Exercise brief.
An exact restatement is required. Cover only the lines of the records from the first through the line with "- フラッシュ:1 [Flush]", and skip pictures.

Stored data.
════════

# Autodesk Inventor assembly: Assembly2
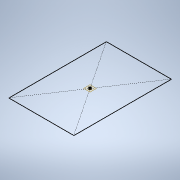
[picture p0: Inventor's stored thumbnail of the model, 180x180]
Saved by Autodesk Inventor 2020 (Build 240168000, 168)
## iProperties
Created: 2021-08-27
Part Number: Assembly2
Document SubType Name: Assembly
Designer: Masato
Author: Masato
## Documents named in this file (1)
- C:\Users\Masato\Desktop\Assembly2.iam
## Relationships (1: Flush 1)
- フラッシュ:1 [Flush]
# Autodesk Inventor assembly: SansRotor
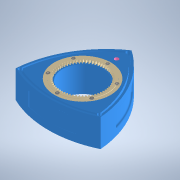
[picture p0: Inventor's stored thumbnail of the model, 180x180]
Saved by Autodesk Inventor 2022 (Build 260153000, 153)
## iProperties
Created: 2022-02-22
Part Number: SansRotor
Document SubType Name: Assembly
Designer: Adrian
Student_ACE: Necsulea i. M. Adrian stefanita
Grupa_ACE: CR-1.2.b
Tema_ACE: 7-Ansamblu motor Wankel
An_ACE: 2022
Author: Adrian
## Documents named in this file (4)
- C:\Users\Alexandra\Desktop\7 - Wankel\SansRotor.iam
- C:\Users\Alexandra\Desktop\7 - Wankel\Rotor.ipt
- C:\Users\Alexandra\Desktop\7 - Wankel\Roata.ipt
- C:\Users\Alexandra\Desktop\7 - Wankel\SubAns-M4.iam
## Components (3 placed, 3 different names)
1. Rotor:1 — Mate:1, Mate:2, Mate:3, Mate:4, Mate:5, Angle:1
2. Roata:1 — Mate:4, Mate:5, Angle:1
3. SubAns-M4:1 [sub-assembly]
## Relationships (7: Mate 5, Angle 1, Insert 1)
- Mate:1: Rotor:1
- Mate:2: Rotor:1
- Mate:3: Rotor:1
- Mate:4: Rotor:1 ↔ Roata:1
- Mate:5: Rotor:1 ↔ Roata:1
- Angle:1 (0 deg): Rotor:1 ↔ Roata:1
- [Insert]: Roata:1 ↔ SubAns-M4:1
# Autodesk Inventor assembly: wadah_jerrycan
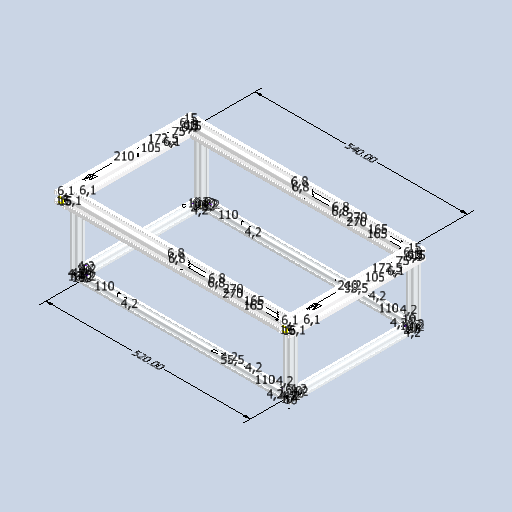
[picture p0: Inventor's stored thumbnail of the model, 512x512]
Saved by Autodesk Inventor 2023 (Build 270158000, 158)
## iProperties
Created: 2023-10-09
Part Number: wadah_jerrycan
Document SubType Name: Assembly
Designer: sigit
Author: sigit
## Documents named in this file (6)
- D:\Kuliah\SEMESTER 7\Robot Semprot\Design\2nd ROBOT\Assembly\wadah_jerrycan.iam
- D:\Kuliah\SEMESTER 7\Robot Semprot\Design\2nd ROBOT\Part\2020 295.ipt
- D:\Kuliah\SEMESTER 7\Robot Semprot\Design\2nd ROBOT\Part\2020 150.ipt
- D:\Kuliah\SEMESTER 7\Robot Semprot\Design\2nd ROBOT\Part\2020 520.ipt
- D:\Kuliah\SEMESTER 7\Robot Semprot\Design\2nd ROBOT\Part\3030 345.ipt
- D:\Kuliah\SEMESTER 7\Robot Semprot\Design\2nd ROBOT\Part\3030 540.ipt
## Components (12 placed, 5 different names)
1. 2020 520:1 — Rotational:2
2. 2020 520:2
3. 2020 295:1 — Rotational:1
4. 2020 295:2
5. 3030 540:1 — Rotational:4
6. 3030 540:2
7. 3030 345:1 — Rotational:3, Rotational:4
8. 3030 345:2
9. 2020 150:1 — Rotational:1, Rotational:2
10. 2020 150:2
11. 2020 150:3 — Rotational:3
12. 2020 150:4
## Component patterns: (2 elements, first: 2020 520:1), (2 elements, first: 2020 295:1), (2 elements, first: 3030 540:1), (2 elements, first: 3030 345:1), (2 elements, first: 2020 150:1), Component Pattern 1:2 (2 elements)
## Relationships (4: RevoluteJoint 4)
- Rotational:1 [RevoluteJoint] (6.1 mm): 2020 295:1 ↔ 2020 150:1
- Rotational:2 [RevoluteJoint] (6.1 mm): 2020 520:1 ↔ 2020 150:1
- Rotational:3 [RevoluteJoint] (-9.486 mm): 3030 345:1 ↔ 2020 150:3
- Rotational:4 [RevoluteJoint] (9.486 mm): 3030 540:1 ↔ 3030 345:1

════════

Response to the task.
# Autodesk Inventor assembly: Assembly2
[picture p0: Inventor's stored thumbnail of the model, 180x180]
Saved by Autodesk Inventor 2020 (Build 240168000, 168)
## iProperties
Created: 2021-08-27
Part Number: Assembly2
Document SubType Name: Assembly
Designer: Masato
Author: Masato
## Documents named in this file (1)
- C:\Users\Masato\Desktop\Assembly2.iam
## Relationships (1: Flush 1)
- フラッシュ:1 [Flush]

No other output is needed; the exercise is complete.